Program yourself: if Magic Kingdom will open at 9am, you have to arrive at the parking lot at 8:30am. It will take at least 30 minutes from the moment you park your car, get the tram, then the monorail or the boat, clear security and finally enter the park.

Once you enter the park, cross it and go as far away as possible from the entrace, people usually start their day at MK near Main Street. Go to Pirates of os the Caribean, Splash Mountain, Thunder Mountain, or even Space Mountain (oposite the others if you check the map).

Use FastPass, it helps a lot. But at 4 or 5pm, there will be no FastPasses left, keep this on your mind.

If you arrive early, you will have lunch at 12pm, wich means you will be able to grab a table at any restaurant. After 1pm, you will seat on the floor.

Don't forget to check with your kids where they want to go


----------



## rickandcindy23

Good advice from Idanna. 

About Fast Passes:  Even though they have a time printed, you can go after that time, but not before.  So the time doesn't really expire, as the pass would make you think.  It will say something like Return between 1:05-3:05, but if you return at 8:30, they still welcome you.  There are also times on the Fast Passes that say when you are eligible for another Fast Pass.  I recommend getting more as soon as you can.  

I would still be through the turnstiles by 8:30.  That means parking at 8:00.


----------



## Swice

*Just know*

Just understand that the "Magic Kingdom" is the most crowded park at Walt Disney World everyday.    Even during the "slow" months, there will be lines at the Magic Kingdom (especially in Fantasyland where you'll find "Peter Pan's Flight," "Snow White's Adventures," "Dumbo," and "Pooh").    

Epcot has the attractions that "move" the lines the fastest.


----------



## vkrn

At www.touringplans.com click on free sample plans.  I used this when I went the last time. Good information, IMHO
http://www.touringplans.com:/tp2/UG2_index.php?PageID=16


----------



## littlestar

From my personal experience, Saturday's are always crowded. Also, the Extra Magic hours (Disney resort guest) days are more crowded.


----------



## Redrosesix

littlestar said:


> From my personal experience, Saturday's are always crowded. Also, the Extra Magic hours (Disney resort guest) days are more crowded.

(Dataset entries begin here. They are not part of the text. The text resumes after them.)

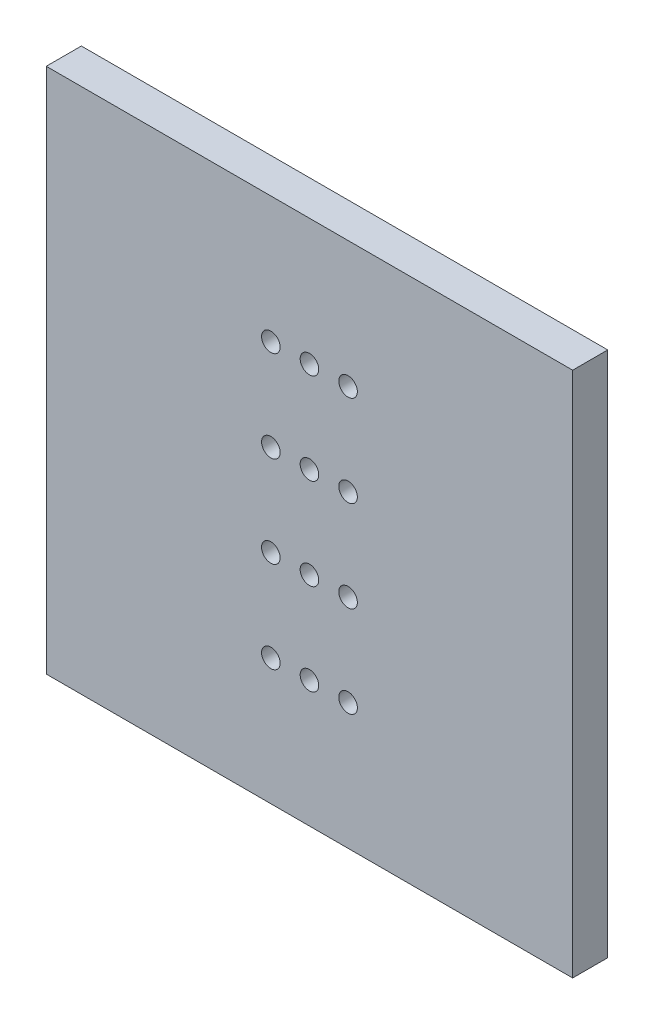
ISO-10303-21;
HEADER;
FILE_DESCRIPTION(('STEP AP214'),'2;1');
FILE_NAME('part.step','',(''),(''),'','','');
FILE_SCHEMA(('AUTOMOTIVE_DESIGN { 1 0 10303 214 1 1 1 1 }'));
ENDSEC;
DATA;
#1=APPLICATION_CONTEXT('core data for automotive mechanical design processes');
#2=APPLICATION_PROTOCOL_DEFINITION('international standard','automotive_design',2000,#1);
#3=PRODUCT_CONTEXT('',#1,'mechanical');
#4=PRODUCT('Part','Part','',(#3));
#5=PRODUCT_RELATED_PRODUCT_CATEGORY('part','',(#4));
#6=PRODUCT_DEFINITION_FORMATION('','',#4);
#7=PRODUCT_DEFINITION_CONTEXT('part definition',#1,'design');
#8=PRODUCT_DEFINITION('design','',#6,#7);
#9=PRODUCT_DEFINITION_SHAPE('','',#8);
#10=(LENGTH_UNIT() NAMED_UNIT(*) SI_UNIT(.MILLI.,.METRE.));
#11=(NAMED_UNIT(*) PLANE_ANGLE_UNIT() SI_UNIT($,.RADIAN.));
#12=(NAMED_UNIT(*) SI_UNIT($,.STERADIAN.) SOLID_ANGLE_UNIT());
#13=UNCERTAINTY_MEASURE_WITH_UNIT(LENGTH_MEASURE(1.E-05),#10,'distance_accuracy_value','');
#14=(GEOMETRIC_REPRESENTATION_CONTEXT(3) GLOBAL_UNCERTAINTY_ASSIGNED_CONTEXT((#13)) GLOBAL_UNIT_ASSIGNED_CONTEXT((#10,
#11,#12)) REPRESENTATION_CONTEXT('',''));
#15=CARTESIAN_POINT('',(0.,0.,0.));
#16=DIRECTION('',(0.,0.,1.));
#17=DIRECTION('',(1.,0.,0.));
#18=AXIS2_PLACEMENT_3D('',#15,#16,#17);
#19=CARTESIAN_POINT('',(15.,-15.,2.));
#20=DIRECTION('',(-1.,0.,0.));
#21=DIRECTION('',(0.,0.,1.));
#22=AXIS2_PLACEMENT_3D('',#19,#20,#21);
#23=PLANE('',#22);
#24=DIRECTION('',(0.,1.,0.));
#25=VECTOR('',#24,1.);
#26=CARTESIAN_POINT('',(15.,-15.,0.));
#27=LINE('',#26,#25);
#28=CARTESIAN_POINT('',(15.,-15.,0.));
#29=VERTEX_POINT('',#28);
#30=CARTESIAN_POINT('',(15.,15.,0.));
#31=VERTEX_POINT('',#30);
#32=EDGE_CURVE('E103',#29,#31,#27,.T.);
#33=ORIENTED_EDGE('',*,*,#32,.T.);
#34=DIRECTION('',(0.,0.,-1.));
#35=VECTOR('',#34,1.);
#36=CARTESIAN_POINT('',(15.,15.,2.));
#37=LINE('',#36,#35);
#38=CARTESIAN_POINT('',(15.,15.,2.));
#39=VERTEX_POINT('',#38);
#40=EDGE_CURVE('E11',#39,#31,#37,.T.);
#41=ORIENTED_EDGE('',*,*,#40,.F.);
#42=DIRECTION('',(0.,1.,0.));
#43=VECTOR('',#42,1.);
#44=CARTESIAN_POINT('',(15.,-15.,2.));
#45=LINE('',#44,#43);
#46=CARTESIAN_POINT('',(15.,-15.,2.));
#47=VERTEX_POINT('',#46);
#48=EDGE_CURVE('E90',#47,#39,#45,.T.);
#49=ORIENTED_EDGE('',*,*,#48,.F.);
#50=DIRECTION('',(0.,0.,-1.));
#51=VECTOR('',#50,1.);
#52=CARTESIAN_POINT('',(15.,-15.,2.));
#53=LINE('',#52,#51);
#54=EDGE_CURVE('E99',#47,#29,#53,.T.);
#55=ORIENTED_EDGE('',*,*,#54,.T.);
#56=EDGE_LOOP('',(#33,#41,#49,#55));
#57=FACE_BOUND('',#56,.T.);
#58=ADVANCED_FACE('F37',(#57),#23,.F.);
#59=CARTESIAN_POINT('',(-15.,15.,2.));
#60=DIRECTION('',(0.,-1.,0.));
#61=DIRECTION('',(0.,0.,-1.));
#62=AXIS2_PLACEMENT_3D('',#59,#60,#61);
#63=PLANE('',#62);
#64=DIRECTION('',(-1.,0.,0.));
#65=VECTOR('',#64,1.);
#66=CARTESIAN_POINT('',(-15.,15.,0.));
#67=LINE('',#66,#65);
#68=CARTESIAN_POINT('',(-15.,15.,0.));
#69=VERTEX_POINT('',#68);
#70=EDGE_CURVE('E94',#31,#69,#67,.T.);
#71=ORIENTED_EDGE('',*,*,#70,.T.);
#72=DIRECTION('',(0.,0.,-1.));
#73=VECTOR('',#72,1.);
#74=CARTESIAN_POINT('',(-15.,15.,2.));
#75=LINE('',#74,#73);
#76=CARTESIAN_POINT('',(-15.,15.,2.));
#77=VERTEX_POINT('',#76);
#78=EDGE_CURVE('E46',#77,#69,#75,.T.);
#79=ORIENTED_EDGE('',*,*,#78,.F.);
#80=DIRECTION('',(-1.,0.,0.));
#81=VECTOR('',#80,1.);
#82=CARTESIAN_POINT('',(-15.,15.,2.));
#83=LINE('',#82,#81);
#84=EDGE_CURVE('E85',#39,#77,#83,.T.);
#85=ORIENTED_EDGE('',*,*,#84,.F.);
#86=ORIENTED_EDGE('',*,*,#40,.T.);
#87=EDGE_LOOP('',(#71,#79,#85,#86));
#88=FACE_BOUND('',#87,.T.);
#89=ADVANCED_FACE('F93',(#88),#63,.F.);
#90=CARTESIAN_POINT('',(-15.,-15.,2.));
#91=DIRECTION('',(1.,0.,0.));
#92=DIRECTION('',(0.,0.,-1.));
#93=AXIS2_PLACEMENT_3D('',#90,#91,#92);
#94=PLANE('',#93);
#95=DIRECTION('',(0.,-1.,0.));
#96=VECTOR('',#95,1.);
#97=CARTESIAN_POINT('',(-15.,-15.,0.));
#98=LINE('',#97,#96);
#99=CARTESIAN_POINT('',(-15.,-15.,0.));
#100=VERTEX_POINT('',#99);
#101=EDGE_CURVE('E72',#69,#100,#98,.T.);
#102=ORIENTED_EDGE('',*,*,#101,.T.);
#103=DIRECTION('',(0.,0.,-1.));
#104=VECTOR('',#103,1.);
#105=CARTESIAN_POINT('',(-15.,-15.,2.));
#106=LINE('',#105,#104);
#107=CARTESIAN_POINT('',(-15.,-15.,2.));
#108=VERTEX_POINT('',#107);
#109=EDGE_CURVE('E95',#108,#100,#106,.T.);
#110=ORIENTED_EDGE('',*,*,#109,.F.);
#111=DIRECTION('',(0.,-1.,0.));
#112=VECTOR('',#111,1.);
#113=CARTESIAN_POINT('',(-15.,-15.,2.));
#114=LINE('',#113,#112);
#115=EDGE_CURVE('E88',#77,#108,#114,.T.);
#116=ORIENTED_EDGE('',*,*,#115,.F.);
#117=ORIENTED_EDGE('',*,*,#78,.T.);
#118=EDGE_LOOP('',(#102,#110,#116,#117));
#119=FACE_BOUND('',#118,.T.);
#120=ADVANCED_FACE('F97',(#119),#94,.F.);
#121=CARTESIAN_POINT('',(-15.,-15.,2.));
#122=DIRECTION('',(0.,1.,0.));
#123=DIRECTION('',(0.,0.,1.));
#124=AXIS2_PLACEMENT_3D('',#121,#122,#123);
#125=PLANE('',#124);
#126=DIRECTION('',(1.,0.,0.));
#127=VECTOR('',#126,1.);
#128=CARTESIAN_POINT('',(-15.,-15.,0.));
#129=LINE('',#128,#127);
#130=EDGE_CURVE('E78',#100,#29,#129,.T.);
#131=ORIENTED_EDGE('',*,*,#130,.T.);
#132=ORIENTED_EDGE('',*,*,#54,.F.);
#133=DIRECTION('',(1.,0.,0.));
#134=VECTOR('',#133,1.);
#135=CARTESIAN_POINT('',(-15.,-15.,2.));
#136=LINE('',#135,#134);
#137=EDGE_CURVE('E55',#108,#47,#136,.T.);
#138=ORIENTED_EDGE('',*,*,#137,.F.);
#139=ORIENTED_EDGE('',*,*,#109,.T.);
#140=EDGE_LOOP('',(#131,#132,#138,#139));
#141=FACE_BOUND('',#140,.T.);
#142=ADVANCED_FACE('F179',(#141),#125,.F.);
#143=CARTESIAN_POINT('',(0.,0.,2.));
#144=DIRECTION('',(0.,0.,-1.));
#145=DIRECTION('',(-1.,0.,0.));
#146=AXIS2_PLACEMENT_3D('',#143,#144,#145);
#147=PLANE('',#146);
#148=CARTESIAN_POINT('',(0.,-2.6,2.));
#149=DIRECTION('',(0.,0.,1.));
#150=DIRECTION('',(1.,0.,0.));
#151=AXIS2_PLACEMENT_3D('',#148,#149,#150);
#152=CIRCLE('',#151,0.53);
#153=CARTESIAN_POINT('',(0.53,-2.6,2.));
#154=VERTEX_POINT('',#153);
#155=EDGE_CURVE('E382',#154,#154,#152,.T.);
#156=ORIENTED_EDGE('',*,*,#155,.F.);
#157=EDGE_LOOP('',(#156));
#158=FACE_BOUND('',#157,.T.);
#159=CARTESIAN_POINT('',(0.,2.6,2.));
#160=DIRECTION('',(0.,0.,1.));
#161=DIRECTION('',(1.,0.,0.));
#162=AXIS2_PLACEMENT_3D('',#159,#160,#161);
#163=CIRCLE('',#162,0.53);
#164=CARTESIAN_POINT('',(0.53,2.6,2.));
#165=VERTEX_POINT('',#164);
#166=EDGE_CURVE('E380',#165,#165,#163,.T.);
#167=ORIENTED_EDGE('',*,*,#166,.F.);
#168=EDGE_LOOP('',(#167));
#169=FACE_BOUND('',#168,.T.);
#170=CARTESIAN_POINT('',(0.,7.8,2.));
#171=DIRECTION('',(0.,0.,1.));
#172=DIRECTION('',(1.,0.,0.));
#173=AXIS2_PLACEMENT_3D('',#170,#171,#172);
#174=CIRCLE('',#173,0.53);
#175=CARTESIAN_POINT('',(0.53,7.8,2.));
#176=VERTEX_POINT('',#175);
#177=EDGE_CURVE('E383',#176,#176,#174,.T.);
#178=ORIENTED_EDGE('',*,*,#177,.F.);
#179=EDGE_LOOP('',(#178));
#180=FACE_BOUND('',#179,.T.);
#181=CARTESIAN_POINT('',(2.2,-7.8,2.));
#182=DIRECTION('',(0.,0.,1.));
#183=DIRECTION('',(1.,0.,0.));
#184=AXIS2_PLACEMENT_3D('',#181,#182,#183);
#185=CIRCLE('',#184,0.53);
#186=CARTESIAN_POINT('',(2.73,-7.8,2.));
#187=VERTEX_POINT('',#186);
#188=EDGE_CURVE('E389',#187,#187,#185,.T.);
#189=ORIENTED_EDGE('',*,*,#188,.F.);
#190=EDGE_LOOP('',(#189));
#191=FACE_BOUND('',#190,.T.);
#192=CARTESIAN_POINT('',(-2.2,-2.6,2.));
#193=DIRECTION('',(0.,0.,1.));
#194=DIRECTION('',(1.,0.,0.));
#195=AXIS2_PLACEMENT_3D('',#192,#193,#194);
#196=CIRCLE('',#195,0.53);
#197=CARTESIAN_POINT('',(-1.67,-2.6,2.));
#198=VERTEX_POINT('',#197);
#199=EDGE_CURVE('E399',#198,#198,#196,.T.);
#200=ORIENTED_EDGE('',*,*,#199,.F.);
#201=EDGE_LOOP('',(#200));
#202=FACE_BOUND('',#201,.T.);
#203=CARTESIAN_POINT('',(-2.2,2.6,2.));
#204=DIRECTION('',(0.,0.,1.));
#205=DIRECTION('',(1.,0.,0.));
#206=AXIS2_PLACEMENT_3D('',#203,#204,#205);
#207=CIRCLE('',#206,0.53);
#208=CARTESIAN_POINT('',(-1.67,2.6,2.));
#209=VERTEX_POINT('',#208);
#210=EDGE_CURVE('E396',#209,#209,#207,.T.);
#211=ORIENTED_EDGE('',*,*,#210,.F.);
#212=EDGE_LOOP('',(#211));
#213=FACE_BOUND('',#212,.T.);
#214=CARTESIAN_POINT('',(-2.2,7.8,2.));
#215=DIRECTION('',(0.,0.,1.));
#216=DIRECTION('',(1.,0.,0.));
#217=AXIS2_PLACEMENT_3D('',#214,#215,#216);
#218=CIRCLE('',#217,0.53);
#219=CARTESIAN_POINT('',(-1.67,7.8,2.));
#220=VERTEX_POINT('',#219);
#221=EDGE_CURVE('E393',#220,#220,#218,.T.);
#222=ORIENTED_EDGE('',*,*,#221,.F.);
#223=EDGE_LOOP('',(#222));
#224=FACE_BOUND('',#223,.T.);
#225=CARTESIAN_POINT('',(0.,-7.8,2.));
#226=DIRECTION('',(0.,0.,1.));
#227=DIRECTION('',(1.,0.,0.));
#228=AXIS2_PLACEMENT_3D('',#225,#226,#227);
#229=CIRCLE('',#228,0.53);
#230=CARTESIAN_POINT('',(0.53,-7.8,2.));
#231=VERTEX_POINT('',#230);
#232=EDGE_CURVE('E386',#231,#231,#229,.T.);
#233=ORIENTED_EDGE('',*,*,#232,.F.);
#234=EDGE_LOOP('',(#233));
#235=FACE_BOUND('',#234,.T.);
#236=CARTESIAN_POINT('',(2.2,-2.6,2.));
#237=DIRECTION('',(0.,0.,1.));
#238=DIRECTION('',(1.,0.,0.));
#239=AXIS2_PLACEMENT_3D('',#236,#237,#238);
#240=CIRCLE('',#239,0.53);
#241=CARTESIAN_POINT('',(2.73,-2.6,2.));
#242=VERTEX_POINT('',#241);
#243=EDGE_CURVE('E419',#242,#242,#240,.T.);
#244=ORIENTED_EDGE('',*,*,#243,.F.);
#245=EDGE_LOOP('',(#244));
#246=FACE_BOUND('',#245,.T.);
#247=CARTESIAN_POINT('',(2.2,2.6,2.));
#248=DIRECTION('',(0.,0.,1.));
#249=DIRECTION('',(1.,0.,0.));
#250=AXIS2_PLACEMENT_3D('',#247,#248,#249);
#251=CIRCLE('',#250,0.53);
#252=CARTESIAN_POINT('',(2.73,2.6,2.));
#253=VERTEX_POINT('',#252);
#254=EDGE_CURVE('E423',#253,#253,#251,.T.);
#255=ORIENTED_EDGE('',*,*,#254,.F.);
#256=EDGE_LOOP('',(#255));
#257=FACE_BOUND('',#256,.T.);
#258=CARTESIAN_POINT('',(2.2,7.8,2.));
#259=DIRECTION('',(0.,0.,1.));
#260=DIRECTION('',(1.,0.,0.));
#261=AXIS2_PLACEMENT_3D('',#258,#259,#260);
#262=CIRCLE('',#261,0.53);
#263=CARTESIAN_POINT('',(2.73,7.8,2.));
#264=VERTEX_POINT('',#263);
#265=EDGE_CURVE('E426',#264,#264,#262,.T.);
#266=ORIENTED_EDGE('',*,*,#265,.F.);
#267=EDGE_LOOP('',(#266));
#268=FACE_BOUND('',#267,.T.);
#269=CARTESIAN_POINT('',(-2.2,-7.8,2.));
#270=DIRECTION('',(0.,0.,1.));
#271=DIRECTION('',(1.,0.,0.));
#272=AXIS2_PLACEMENT_3D('',#269,#270,#271);
#273=CIRCLE('',#272,0.53);
#274=CARTESIAN_POINT('',(-1.67,-7.8,2.));
#275=VERTEX_POINT('',#274);
#276=EDGE_CURVE('E115',#275,#275,#273,.T.);
#277=ORIENTED_EDGE('',*,*,#276,.F.);
#278=EDGE_LOOP('',(#277));
#279=FACE_BOUND('',#278,.T.);
#280=ORIENTED_EDGE('',*,*,#48,.T.);
#281=ORIENTED_EDGE('',*,*,#84,.T.);
#282=ORIENTED_EDGE('',*,*,#115,.T.);
#283=ORIENTED_EDGE('',*,*,#137,.T.);
#284=EDGE_LOOP('',(#280,#281,#282,#283));
#285=FACE_BOUND('',#284,.T.);
#286=ADVANCED_FACE('F86',(#158,#169,#180,#191,#202,#213,#224,#235,#246,#257,#268,#279,#285),
#147,.F.);
#287=CARTESIAN_POINT('',(0.,0.,0.));
#288=DIRECTION('',(0.,0.,-1.));
#289=DIRECTION('',(-1.,0.,0.));
#290=AXIS2_PLACEMENT_3D('',#287,#288,#289);
#291=PLANE('',#290);
#292=CARTESIAN_POINT('',(0.,-2.6,0.));
#293=DIRECTION('',(0.,0.,-1.));
#294=DIRECTION('',(-1.,0.,0.));
#295=AXIS2_PLACEMENT_3D('',#292,#293,#294);
#296=CIRCLE('',#295,0.53);
#297=CARTESIAN_POINT('',(-0.53,-2.6,0.));
#298=VERTEX_POINT('',#297);
#299=EDGE_CURVE('E40',#298,#298,#296,.T.);
#300=ORIENTED_EDGE('',*,*,#299,.F.);
#301=EDGE_LOOP('',(#300));
#302=FACE_BOUND('',#301,.T.);
#303=CARTESIAN_POINT('',(0.,2.6,0.));
#304=DIRECTION('',(0.,0.,-1.));
#305=DIRECTION('',(-1.,0.,0.));
#306=AXIS2_PLACEMENT_3D('',#303,#304,#305);
#307=CIRCLE('',#306,0.53);
#308=CARTESIAN_POINT('',(-0.53,2.6,0.));
#309=VERTEX_POINT('',#308);
#310=EDGE_CURVE('E141',#309,#309,#307,.T.);
#311=ORIENTED_EDGE('',*,*,#310,.F.);
#312=EDGE_LOOP('',(#311));
#313=FACE_BOUND('',#312,.T.);
#314=CARTESIAN_POINT('',(0.,7.8,0.));
#315=DIRECTION('',(0.,0.,-1.));
#316=DIRECTION('',(-1.,0.,0.));
#317=AXIS2_PLACEMENT_3D('',#314,#315,#316);
#318=CIRCLE('',#317,0.53);
#319=CARTESIAN_POINT('',(-0.53,7.8,0.));
#320=VERTEX_POINT('',#319);
#321=EDGE_CURVE('E139',#320,#320,#318,.T.);
#322=ORIENTED_EDGE('',*,*,#321,.F.);
#323=EDGE_LOOP('',(#322));
#324=FACE_BOUND('',#323,.T.);
#325=CARTESIAN_POINT('',(2.2,-7.8,0.));
#326=DIRECTION('',(0.,0.,-1.));
#327=DIRECTION('',(-1.,0.,0.));
#328=AXIS2_PLACEMENT_3D('',#325,#326,#327);
#329=CIRCLE('',#328,0.53);
#330=CARTESIAN_POINT('',(1.67,-7.8,0.));
#331=VERTEX_POINT('',#330);
#332=EDGE_CURVE('E136',#331,#331,#329,.T.);
#333=ORIENTED_EDGE('',*,*,#332,.F.);
#334=EDGE_LOOP('',(#333));
#335=FACE_BOUND('',#334,.T.);
#336=CARTESIAN_POINT('',(-2.2,-2.6,0.));
#337=DIRECTION('',(0.,0.,-1.));
#338=DIRECTION('',(-1.,0.,0.));
#339=AXIS2_PLACEMENT_3D('',#336,#337,#338);
#340=CIRCLE('',#339,0.53);
#341=CARTESIAN_POINT('',(-2.73,-2.6,0.));
#342=VERTEX_POINT('',#341);
#343=EDGE_CURVE('E133',#342,#342,#340,.T.);
#344=ORIENTED_EDGE('',*,*,#343,.F.);
#345=EDGE_LOOP('',(#344));
#346=FACE_BOUND('',#345,.T.);
#347=CARTESIAN_POINT('',(-2.2,2.6,0.));
#348=DIRECTION('',(0.,0.,-1.));
#349=DIRECTION('',(-1.,0.,0.));
#350=AXIS2_PLACEMENT_3D('',#347,#348,#349);
#351=CIRCLE('',#350,0.53);
#352=CARTESIAN_POINT('',(-2.73,2.6,0.));
#353=VERTEX_POINT('',#352);
#354=EDGE_CURVE('E130',#353,#353,#351,.T.);
#355=ORIENTED_EDGE('',*,*,#354,.F.);
#356=EDGE_LOOP('',(#355));
#357=FACE_BOUND('',#356,.T.);
#358=CARTESIAN_POINT('',(-2.2,7.8,0.));
#359=DIRECTION('',(0.,0.,-1.));
#360=DIRECTION('',(-1.,0.,0.));
#361=AXIS2_PLACEMENT_3D('',#358,#359,#360);
#362=CIRCLE('',#361,0.53);
#363=CARTESIAN_POINT('',(-2.73,7.8,0.));
#364=VERTEX_POINT('',#363);
#365=EDGE_CURVE('E127',#364,#364,#362,.T.);
#366=ORIENTED_EDGE('',*,*,#365,.F.);
#367=EDGE_LOOP('',(#366));
#368=FACE_BOUND('',#367,.T.);
#369=CARTESIAN_POINT('',(0.,-7.8,0.));
#370=DIRECTION('',(0.,0.,-1.));
#371=DIRECTION('',(-1.,0.,0.));
#372=AXIS2_PLACEMENT_3D('',#369,#370,#371);
#373=CIRCLE('',#372,0.53);
#374=CARTESIAN_POINT('',(-0.53,-7.8,0.));
#375=VERTEX_POINT('',#374);
#376=EDGE_CURVE('E124',#375,#375,#373,.T.);
#377=ORIENTED_EDGE('',*,*,#376,.F.);
#378=EDGE_LOOP('',(#377));
#379=FACE_BOUND('',#378,.T.);
#380=CARTESIAN_POINT('',(2.2,-2.6,0.));
#381=DIRECTION('',(0.,0.,-1.));
#382=DIRECTION('',(-1.,0.,0.));
#383=AXIS2_PLACEMENT_3D('',#380,#381,#382);
#384=CIRCLE('',#383,0.53);
#385=CARTESIAN_POINT('',(1.67,-2.6,0.));
#386=VERTEX_POINT('',#385);
#387=EDGE_CURVE('E121',#386,#386,#384,.T.);
#388=ORIENTED_EDGE('',*,*,#387,.F.);
#389=EDGE_LOOP('',(#388));
#390=FACE_BOUND('',#389,.T.);
#391=CARTESIAN_POINT('',(2.2,2.6,0.));
#392=DIRECTION('',(0.,0.,-1.));
#393=DIRECTION('',(-1.,0.,0.));
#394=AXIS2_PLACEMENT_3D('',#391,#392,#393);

I totally agree with this, Saturdays are always crowded even in the slow weeks -- remember these are days that local residents have available to use their Annual Passes.  Sundays are also usually more crowded at MK than weekdays, partly because they usually have evening EMH.

By the way, if we are there in time for rope drop (about 8:30, so you need to be go through the parking tolls by 8 am) we usually get more rides done in the am than we do in the rest of the day put together.  We immediately hop on the train and go to the first stop at Frontierland.


----------



## JimIg23

We were just there, went to MK on Sat and Tues, Tues was less crowded, but it could have been a fluke.  Tues was still crowded and long lines.  

I dont know if your heart is set on disney, but for about $99 pp you can get a 7 day pass to universal instead, you can go a couple of days a few hours at a time.


----------



## JimC

Space Mountain is closed until mid November.  Hall of Presidents just reopened.  We had a preview of it last week.  The show is spectacular.

The busiest days at MK are weekends and days with Extra Magic Hours - EMH (In July early hours are on Tuesday and Thursday and late hours are Sunday and Friday).  This month I would go to MK early on Monday or Wednesday.  How to tour depends on ages of children (if any) and your interests.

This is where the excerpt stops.